═══ DATA RECORDS
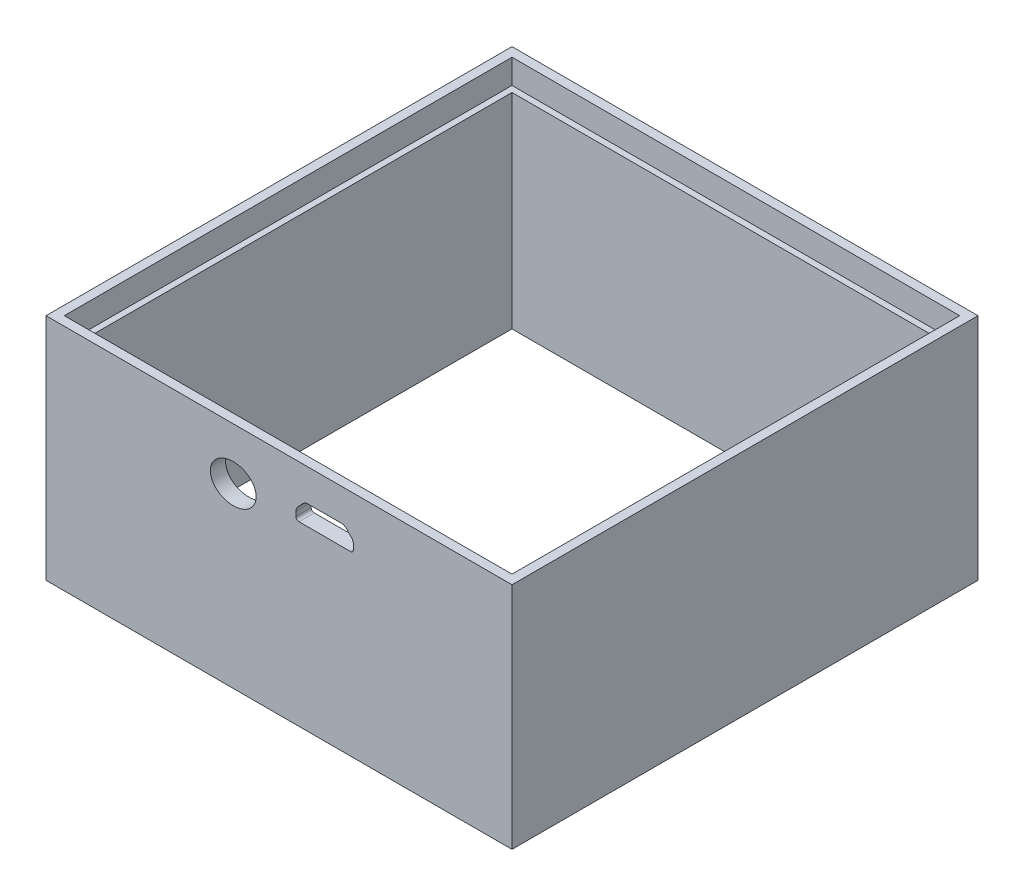
ISO-10303-21;
HEADER;
FILE_DESCRIPTION(('STEP AP214'),'2;1');
FILE_NAME('part.step','',(''),(''),'','','');
FILE_SCHEMA(('AUTOMOTIVE_DESIGN { 1 0 10303 214 1 1 1 1 }'));
ENDSEC;
DATA;
#1=APPLICATION_CONTEXT('core data for automotive mechanical design processes');
#2=APPLICATION_PROTOCOL_DEFINITION('international standard','automotive_design',2000,#1);
#3=PRODUCT_CONTEXT('',#1,'mechanical');
#4=PRODUCT('Part','Part','',(#3));
#5=PRODUCT_RELATED_PRODUCT_CATEGORY('part','',(#4));
#6=PRODUCT_DEFINITION_FORMATION('','',#4);
#7=PRODUCT_DEFINITION_CONTEXT('part definition',#1,'design');
#8=PRODUCT_DEFINITION('design','',#6,#7);
#9=PRODUCT_DEFINITION_SHAPE('','',#8);
#10=(LENGTH_UNIT() NAMED_UNIT(*) SI_UNIT(.MILLI.,.METRE.));
#11=(NAMED_UNIT(*) PLANE_ANGLE_UNIT() SI_UNIT($,.RADIAN.));
#12=(NAMED_UNIT(*) SI_UNIT($,.STERADIAN.) SOLID_ANGLE_UNIT());
#13=UNCERTAINTY_MEASURE_WITH_UNIT(LENGTH_MEASURE(1.E-05),#10,'distance_accuracy_value','');
#14=(GEOMETRIC_REPRESENTATION_CONTEXT(3) GLOBAL_UNCERTAINTY_ASSIGNED_CONTEXT((#13)) GLOBAL_UNIT_ASSIGNED_CONTEXT((#10,
#11,#12)) REPRESENTATION_CONTEXT('',''));
#15=CARTESIAN_POINT('',(0.,0.,0.));
#16=DIRECTION('',(0.,0.,1.));
#17=DIRECTION('',(1.,0.,0.));
#18=AXIS2_PLACEMENT_3D('',#15,#16,#17);
#19=CARTESIAN_POINT('',(-28.5,30.,0.));
#20=DIRECTION('',(0.,0.,-1.));
#21=DIRECTION('',(-1.,0.,0.));
#22=AXIS2_PLACEMENT_3D('',#19,#20,#21);
#23=PLANE('',#22);
#24=CARTESIAN_POINT('',(-5.99255578575196,23.2153393240226,0.));
#25=DIRECTION('',(0.,0.,-1.));
#26=DIRECTION('',(1.,0.,0.));
#27=AXIS2_PLACEMENT_3D('',#24,#25,#26);
#28=ELLIPSE('',#27,3.,2.5);
#29=CARTESIAN_POINT('',(-2.99255578575196,23.2153393240226,0.));
#30=VERTEX_POINT('',#29);
#31=EDGE_CURVE('E338',#30,#30,#28,.T.);
#32=ORIENTED_EDGE('',*,*,#31,.F.);
#33=EDGE_LOOP('',(#32));
#34=FACE_BOUND('',#33,.T.);
#35=DIRECTION('',(0.,-1.,0.));
#36=VECTOR('',#35,1.);
#37=CARTESIAN_POINT('',(-28.5,30.,0.));
#38=LINE('',#37,#36);
#39=CARTESIAN_POINT('',(-28.5,26.8,0.));
#40=VERTEX_POINT('',#39);
#41=CARTESIAN_POINT('',(-28.5,0.,0.));
#42=VERTEX_POINT('',#41);
#43=EDGE_CURVE('E469',#40,#42,#38,.T.);
#44=ORIENTED_EDGE('',*,*,#43,.F.);
#45=DIRECTION('',(1.,0.,0.));
#46=VECTOR('',#45,1.);
#47=CARTESIAN_POINT('',(-28.5,26.8,0.));
#48=LINE('',#47,#46);
#49=CARTESIAN_POINT('',(28.5,26.8,0.));
#50=VERTEX_POINT('',#49);
#51=EDGE_CURVE('E490',#40,#50,#48,.T.);
#52=ORIENTED_EDGE('',*,*,#51,.T.);
#53=DIRECTION('',(0.,-1.,0.));
#54=VECTOR('',#53,1.);
#55=CARTESIAN_POINT('',(28.5,30.,0.));
#56=LINE('',#55,#54);
#57=CARTESIAN_POINT('',(28.5,0.,0.));
#58=VERTEX_POINT('',#57);
#59=EDGE_CURVE('E453',#50,#58,#56,.T.);
#60=ORIENTED_EDGE('',*,*,#59,.T.);
#61=DIRECTION('',(1.,0.,0.));
#62=VECTOR('',#61,1.);
#63=CARTESIAN_POINT('',(-28.5,0.,0.));
#64=LINE('',#63,#62);
#65=EDGE_CURVE('E486',#42,#58,#64,.T.);
#66=ORIENTED_EDGE('',*,*,#65,.F.);
#67=EDGE_LOOP('',(#44,#52,#60,#66));
#68=FACE_BOUND('',#67,.T.);
#69=CARTESIAN_POINT('',(2.60777454000149,23.6,0.));
#70=DIRECTION('',(0.,0.,-1.));
#71=DIRECTION('',(-1.,0.,0.));
#72=AXIS2_PLACEMENT_3D('',#69,#70,#71);
#73=CIRCLE('',#72,0.399999999999942);
#74=CARTESIAN_POINT('',(2.20777454000155,23.6,0.));
#75=VERTEX_POINT('',#74);
#76=CARTESIAN_POINT('',(2.60777454000149,23.2,0.));
#77=VERTEX_POINT('',#76);
#78=EDGE_CURVE('E262',#75,#77,#73,.F.);
#79=ORIENTED_EDGE('',*,*,#78,.T.);
#80=DIRECTION('',(1.,0.,0.));
#81=VECTOR('',#80,1.);
#82=CARTESIAN_POINT('',(0.,23.2000000000001,0.));
#83=LINE('',#82,#81);
#84=CARTESIAN_POINT('',(9.35777454000155,23.2,0.));
#85=VERTEX_POINT('',#84);
#86=EDGE_CURVE('E55',#77,#85,#83,.T.);
#87=ORIENTED_EDGE('',*,*,#86,.T.);
#88=CARTESIAN_POINT('',(9.35777454000155,23.6,0.));
#89=DIRECTION('',(0.,0.,-1.));
#90=DIRECTION('',(-1.,0.,0.));
#91=AXIS2_PLACEMENT_3D('',#88,#89,#90);
#92=CIRCLE('',#91,0.39999999999994);
#93=CARTESIAN_POINT('',(9.75777454000149,23.6,0.));
#94=VERTEX_POINT('',#93);
#95=EDGE_CURVE('E223',#85,#94,#92,.F.);
#96=ORIENTED_EDGE('',*,*,#95,.T.);
#97=DIRECTION('',(0.,1.,0.));
#98=VECTOR('',#97,1.);
#99=CARTESIAN_POINT('',(9.75777454000142,0.,0.));
#100=LINE('',#99,#98);
#101=CARTESIAN_POINT('',(9.75777454000149,24.147689712403,0.));
#102=VERTEX_POINT('',#101);
#103=EDGE_CURVE('E227',#94,#102,#100,.T.);
#104=ORIENTED_EDGE('',*,*,#103,.T.);
#105=CARTESIAN_POINT('',(8.75777454000148,24.147689712403,0.));
#106=DIRECTION('',(0.,0.,-1.));
#107=DIRECTION('',(-1.,0.,0.));
#108=AXIS2_PLACEMENT_3D('',#105,#106,#107);
#109=CIRCLE('',#108,1.00000000000001);
#110=CARTESIAN_POINT('',(9.47916186103244,24.8402215405928,0.));
#111=VERTEX_POINT('',#110);
#112=EDGE_CURVE('E294',#102,#111,#109,.F.);
#113=ORIENTED_EDGE('',*,*,#112,.T.);
#114=DIRECTION('',(-0.692531828189709,0.721387321030956,0.));
#115=VECTOR('',#114,1.);
#116=CARTESIAN_POINT('',(17.3427219712748,16.6490130924236,0.));
#117=LINE('',#116,#115);
#118=CARTESIAN_POINT('',(8.85294398493937,25.4925318281897,0.));
#119=VERTEX_POINT('',#118);
#120=EDGE_CURVE('E290',#111,#119,#117,.T.);
#121=ORIENTED_EDGE('',*,*,#120,.T.);
#122=CARTESIAN_POINT('',(8.13155666390841,24.8,0.));
#123=DIRECTION('',(0.,0.,-1.));
#124=DIRECTION('',(-1.,0.,0.));
#125=AXIS2_PLACEMENT_3D('',#122,#123,#124);
#126=CIRCLE('',#125,1.00000000000001);
#127=CARTESIAN_POINT('',(8.13155666390841,25.8,0.));
#128=VERTEX_POINT('',#127);
#129=EDGE_CURVE('E286',#119,#128,#126,.F.);
#130=ORIENTED_EDGE('',*,*,#129,.T.);
#131=DIRECTION('',(-1.,0.,0.));
#132=VECTOR('',#131,1.);
#133=CARTESIAN_POINT('',(0.,25.8,0.));
#134=LINE('',#133,#132);
#135=CARTESIAN_POINT('',(3.83399241609457,25.8,0.));
#136=VERTEX_POINT('',#135);
#137=EDGE_CURVE('E282',#128,#136,#134,.T.);
#138=ORIENTED_EDGE('',*,*,#137,.T.);
#139=CARTESIAN_POINT('',(3.83399241609457,24.8,0.));
#140=DIRECTION('',(0.,0.,-1.));
#141=DIRECTION('',(-1.,0.,0.));
#142=AXIS2_PLACEMENT_3D('',#139,#140,#141);
#143=CIRCLE('',#142,1.00000000000002);
#144=CARTESIAN_POINT('',(3.11260509506368,25.4925318281898,0.));
#145=VERTEX_POINT('',#144);
#146=EDGE_CURVE('E278',#145,#136,#143,.T.);
#147=ORIENTED_EDGE('',*,*,#146,.F.);
#148=DIRECTION('',(0.692531828189797,0.721387321030872,0.));
#149=VECTOR('',#148,1.);
#150=CARTESIAN_POINT('',(-11.115854215237,10.67122004663,0.));
#151=LINE('',#150,#149);
#152=CARTESIAN_POINT('',(2.48638721897064,24.840221540593,0.));
#153=VERTEX_POINT('',#152);
#154=EDGE_CURVE('E274',#153,#145,#151,.T.);
#155=ORIENTED_EDGE('',*,*,#154,.F.);
#156=CARTESIAN_POINT('',(3.20777454000152,24.1476897124032,0.));
#157=DIRECTION('',(0.,0.,-1.));
#158=DIRECTION('',(-1.,0.,0.));
#159=AXIS2_PLACEMENT_3D('',#156,#157,#158);
#160=CIRCLE('',#159,1.00000000000001);
#161=CARTESIAN_POINT('',(2.20777454000151,24.1476897124032,0.));
#162=VERTEX_POINT('',#161);
#163=EDGE_CURVE('E270',#153,#162,#160,.F.);
#164=ORIENTED_EDGE('',*,*,#163,.T.);
#165=DIRECTION('',(0.,1.,0.));
#166=VECTOR('',#165,1.);
#167=CARTESIAN_POINT('',(2.2077745400033,1.64330529824927E-13,0.));
#168=LINE('',#167,#166);
#169=EDGE_CURVE('E266',#75,#162,#168,.T.);
#170=ORIENTED_EDGE('',*,*,#169,.F.);
#171=EDGE_LOOP('',(#79,#87,#96,#104,#113,#121,#130,#138,#147,#155,#164,#170));
#172=FACE_BOUND('',#171,.T.);
#173=ADVANCED_FACE('F39',(#34,#68,#172),#23,.T.);
#174=CARTESIAN_POINT('',(30.5,30.,2.));
#175=DIRECTION('',(0.,0.,-1.));
#176=DIRECTION('',(-1.,0.,0.));
#177=AXIS2_PLACEMENT_3D('',#174,#175,#176);
#178=PLANE('',#177);
#179=DIRECTION('',(1.,0.,0.));
#180=VECTOR('',#179,1.);
#181=CARTESIAN_POINT('',(30.5,0.,2.));
#182=LINE('',#181,#180);
#183=CARTESIAN_POINT('',(-30.5,0.,2.00000000000001));
#184=VERTEX_POINT('',#183);
#185=CARTESIAN_POINT('',(30.5,0.,2.));
#186=VERTEX_POINT('',#185);
#187=EDGE_CURVE('E425',#184,#186,#182,.T.);
#188=ORIENTED_EDGE('',*,*,#187,.T.);
#189=DIRECTION('',(0.,-1.,0.));
#190=VECTOR('',#189,1.);
#191=CARTESIAN_POINT('',(30.5,30.,2.));
#192=LINE('',#191,#190);
#193=CARTESIAN_POINT('',(30.5,30.,2.));
#194=VERTEX_POINT('',#193);
#195=EDGE_CURVE('E433',#194,#186,#192,.T.);
#196=ORIENTED_EDGE('',*,*,#195,.F.);
#197=DIRECTION('',(1.,0.,0.));
#198=VECTOR('',#197,1.);
#199=CARTESIAN_POINT('',(30.5,30.,2.));
#200=LINE('',#199,#198);
#201=CARTESIAN_POINT('',(-30.5,30.,2.00000000000001));
#202=VERTEX_POINT('',#201);
#203=EDGE_CURVE('E437',#202,#194,#200,.T.);
#204=ORIENTED_EDGE('',*,*,#203,.F.);
#205=DIRECTION('',(0.,-1.,0.));
#206=VECTOR('',#205,1.);
#207=CARTESIAN_POINT('',(-30.5,30.,2.00000000000001));
#208=LINE('',#207,#206);
#209=EDGE_CURVE('E421',#202,#184,#208,.T.);
#210=ORIENTED_EDGE('',*,*,#209,.T.);
#211=EDGE_LOOP('',(#188,#196,#204,#210));
#212=FACE_BOUND('',#211,.T.);
#213=CARTESIAN_POINT('',(-5.99255578575196,23.2153393240226,2.00000000000001));
#214=DIRECTION('',(0.,0.,-1.));
#215=DIRECTION('',(1.,0.,0.));
#216=AXIS2_PLACEMENT_3D('',#213,#214,#215);
#217=ELLIPSE('',#216,3.,2.5);
#218=CARTESIAN_POINT('',(-2.99255578575196,23.2153393240226,2.00000000000001));
#219=VERTEX_POINT('',#218);
#220=EDGE_CURVE('E263',#219,#219,#217,.T.);
#221=ORIENTED_EDGE('',*,*,#220,.T.);
#222=EDGE_LOOP('',(#221));
#223=FACE_BOUND('',#222,.T.);
#224=DIRECTION('',(1.,0.,0.));
#225=VECTOR('',#224,1.);
#226=CARTESIAN_POINT('',(0.,23.2000000000001,2.00000000000001));
#227=LINE('',#226,#225);
#228=CARTESIAN_POINT('',(2.60777454000149,23.2,2.00000000000001));
#229=VERTEX_POINT('',#228);
#230=CARTESIAN_POINT('',(9.35777454000155,23.2,2.00000000000001));
#231=VERTEX_POINT('',#230);
#232=EDGE_CURVE('E212',#229,#231,#227,.T.);
#233=ORIENTED_EDGE('',*,*,#232,.F.);
#234=CARTESIAN_POINT('',(2.60777454000149,23.6,2.00000000000001));
#235=DIRECTION('',(0.,0.,-1.));
#236=DIRECTION('',(-1.,0.,0.));
#237=AXIS2_PLACEMENT_3D('',#234,#235,#236);
#238=CIRCLE('',#237,0.399999999999942);
#239=CARTESIAN_POINT('',(2.20777454000155,23.6,2.00000000000001));
#240=VERTEX_POINT('',#239);
#241=EDGE_CURVE('E203',#240,#229,#238,.F.);
#242=ORIENTED_EDGE('',*,*,#241,.F.);
#243=DIRECTION('',(0.,1.,0.));
#244=VECTOR('',#243,1.);
#245=CARTESIAN_POINT('',(2.2077745400033,1.64330529824927E-13,2.00000000000001));
#246=LINE('',#245,#244);
#247=CARTESIAN_POINT('',(2.20777454000151,24.1476897124032,2.00000000000001));
#248=VERTEX_POINT('',#247);
#249=EDGE_CURVE('E63',#240,#248,#246,.T.);
#250=ORIENTED_EDGE('',*,*,#249,.T.);
#251=CARTESIAN_POINT('',(3.20777454000152,24.1476897124032,2.00000000000001));
#252=DIRECTION('',(0.,0.,-1.));
#253=DIRECTION('',(-1.,0.,0.));
#254=AXIS2_PLACEMENT_3D('',#251,#252,#253);
#255=CIRCLE('',#254,1.00000000000001);
#256=CARTESIAN_POINT('',(2.48638721897064,24.840221540593,2.00000000000001));
#257=VERTEX_POINT('',#256);
#258=EDGE_CURVE('E232',#257,#248,#255,.F.);
#259=ORIENTED_EDGE('',*,*,#258,.F.);
#260=DIRECTION('',(0.692531828189797,0.721387321030872,0.));
#261=VECTOR('',#260,1.);
#262=CARTESIAN_POINT('',(-11.115854215237,10.67122004663,2.00000000000001));
#263=LINE('',#262,#261);
#264=CARTESIAN_POINT('',(3.11260509506368,25.4925318281898,2.00000000000001));
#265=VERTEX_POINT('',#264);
══════
▶ **WHAT THE TASK ASKS**: Starting with the opening line of the listing, write out each line exactly until the line that contains "#1=APPLICATION_CONTEXT('core data for" has been included; skip the pictures.

▶ **SOLUTION BELOW**:
ISO-10303-21;
HEADER;
FILE_DESCRIPTION(('STEP AP214'),'2;1');
FILE_NAME('part.step','',(''),(''),'','','');
FILE_SCHEMA(('AUTOMOTIVE_DESIGN { 1 0 10303 214 1 1 1 1 }'));
ENDSEC;
DATA;
#1=APPLICATION_CONTEXT('core data for automotive mechanical design processes');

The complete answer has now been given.